Assignment 4: Tidyverse, data manipulation

Due by 05:00 PM on Wednesday, November 30, 2022

To do yourself

dplyr

ggplot2

To submit on Canvas

Create RMarkdown document with headers, text, and code to answer/visualize questions. Submit both Rmd and knitted PDF. Pay attention to code clarity, variable names, comments.

dplyr

  • What is the difference between read_xls() and read_xlsx() functions? What message do you get if reading an .xlsx file using read_xls() function?

  • What does the skip argument do?

  • Do we need to refer to a sheet within an excel file as a number, or can we refer to it as the sheet name instead?

  • What does the guess_max argument do?

  • What happens if columns in the Excel worksheet are of different length?

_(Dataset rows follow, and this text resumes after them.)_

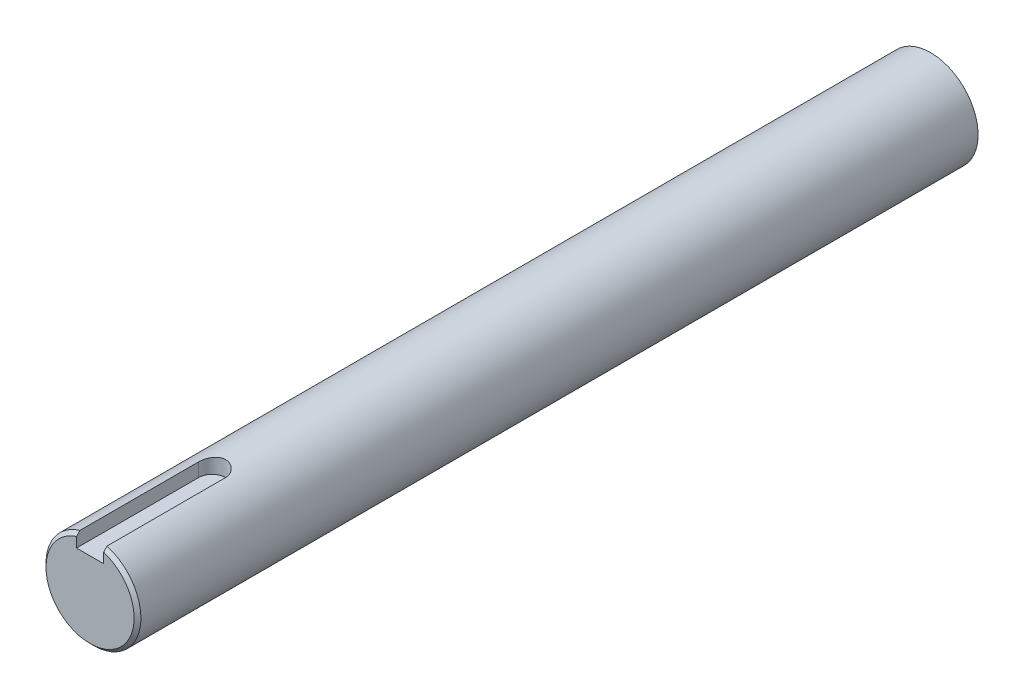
from build123d import *
from build123d.topology import SkipClean

# Parameters (mm, degrees)
EXTRUDE_1_DEPTH      = 98
SKETCH_2_R           = 7
EXTRUDE_4_DEPTH      = 80
CUT_EXTRUDE_20_DEPTH = 80
CHAMFER_1_SIZE       = 0.5
EXTRUDE_START        = 26
SKETCH_7_R           = 7
EXTRUDE_5_DEPTH      = 26


with BuildPart() as part:
    # Sketch 1 → Extrude 1 (new body)
    with BuildSketch(Plane.XY):
        with BuildLine():
            Line((2, 4.7), (-2, 4.7))
            Line((-2, 4.7), (-2, 6.708203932))
            ThreePointArc((-2, 6.708203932), (0, -7), (2, 6.708203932))
            Line((2, 6.708203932), (2, 4.7))
        make_face()
    extrude(amount=EXTRUDE_1_DEPTH)

    # Sketch 2 → Extrude 4 (add)
    with SkipClean():  # the faces are left unmerged after this step: merging them gives an invalid solid
        with BuildSketch(Plane(origin=(0, 0, 0), x_dir=(-1, 0, 0), z_dir=(0, 0, -1))):
            with Locations(Location((0, 0, 0), (0, 0, 73.398450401))):
                Circle(SKETCH_2_R)
        extrude(amount=-EXTRUDE_4_DEPTH)

    # Sketch 6 → Cut-Extrude 20 (cut)
    with SkipClean():  # the faces are left unmerged after this step: merging them gives an invalid solid
        with BuildSketch(Plane(origin=(0, 4.7, 0), x_dir=(1, 0, 0), z_dir=(0, 1, 0))):
            with BuildLine():
                Line((-2, -80), (2, -80))
                ThreePointArc((2, -80), (0, -78), (-2, -80))
            make_face()
        extrude(amount=CUT_EXTRUDE_20_DEPTH, mode=Mode.SUBTRACT)

    # Chamfer 1
    chamfer_1_edges = [part.edges().sort_by_distance(p)[0] for p in [
        (0, -7, 98),
    ]]
    chamfer(chamfer_1_edges, length=CHAMFER_1_SIZE)

    # Sketch 7 → Extrude 5 (add)
    with BuildSketch(Plane(origin=(0, 0, 0), x_dir=(-1, 0, 0), z_dir=(0, 0, -1)).offset(EXTRUDE_START)):
        Circle(SKETCH_7_R)
    extrude(amount=-EXTRUDE_5_DEPTH)


solid = part.part

  • How would you write into an Excel file? Demonstrate saving the mtcars dataset into an Excel file.

  • Use the starwars dataset that is loaded with the tidyverse. Accomplish the following in one long string of pipes.

    • Keep only observations with weight and height recorded. Also include the homeworld variable.
    • Create a variable called bmi that calculates the character’s BMI (search for formula).
    • Summarize the BMI variable, grouping observations by homeworld.
    • Print this summary in decreasing order of average BMI.
  • Read in the following data into R. This data is from the American Community Survey and references the population of three cities in Virginia between 2009 and 2012. cities <- data.frame(name = rep(c("richmond", "norfolk", "charlottesville")), pop2009 = c(1202494,236071,191515), pop2010 = c(1235565,242143,197279), pop2011 = c(1248271,241943,199675), pop2012 = c(1260202,243056,210909)) In one long string of pipes, convert the data from wide (2009 to 2012 population values) to long format, naming the new column of populations pop, group by city, create a summary variable that is the ratio of the largest population value to smallest population value for the city, and arrange by this ratio value in decreasing order.

ggplot2

  • Get names of all packages installed on your computer, check the installed.packages() function. Split package names into characters. Calculate frequency of each letter, case sensitive. Create a horizontal barplot, Y-axis - letters/characters, X-axis - frequency. Make it sorted, so the most frequently occurring letters (highest bars) are on top. Color each bar by its own color. Do not output legend.

  • Download the CDC US Birth dataset from https://github.com/fivethirtyeight/data/tree/master/births. Answer the following questions:

    • Make barplots of most-to-least popular a) day of week, b) day of month, c) month to give birth, irrespectively of year. X-axis - date, Y-axis - number of births. Color by date
    • Visually demonstrate the total birth trend over the years. X-axis - years, Y-axis - total number of births per year.
    • For each a) day of week, b) day of month, c) month, collect the number of births, irrespectively of year. Plot them as a) scatterplots, b) boxplots, with X-axis being the corresponding data and Y-axis - the number of births. For scatterplots, fit a smoothing line with the default nonlinear fit. Color by date.
    • Bonus question: Make the time series curve similar to the second plot of the accompanying article.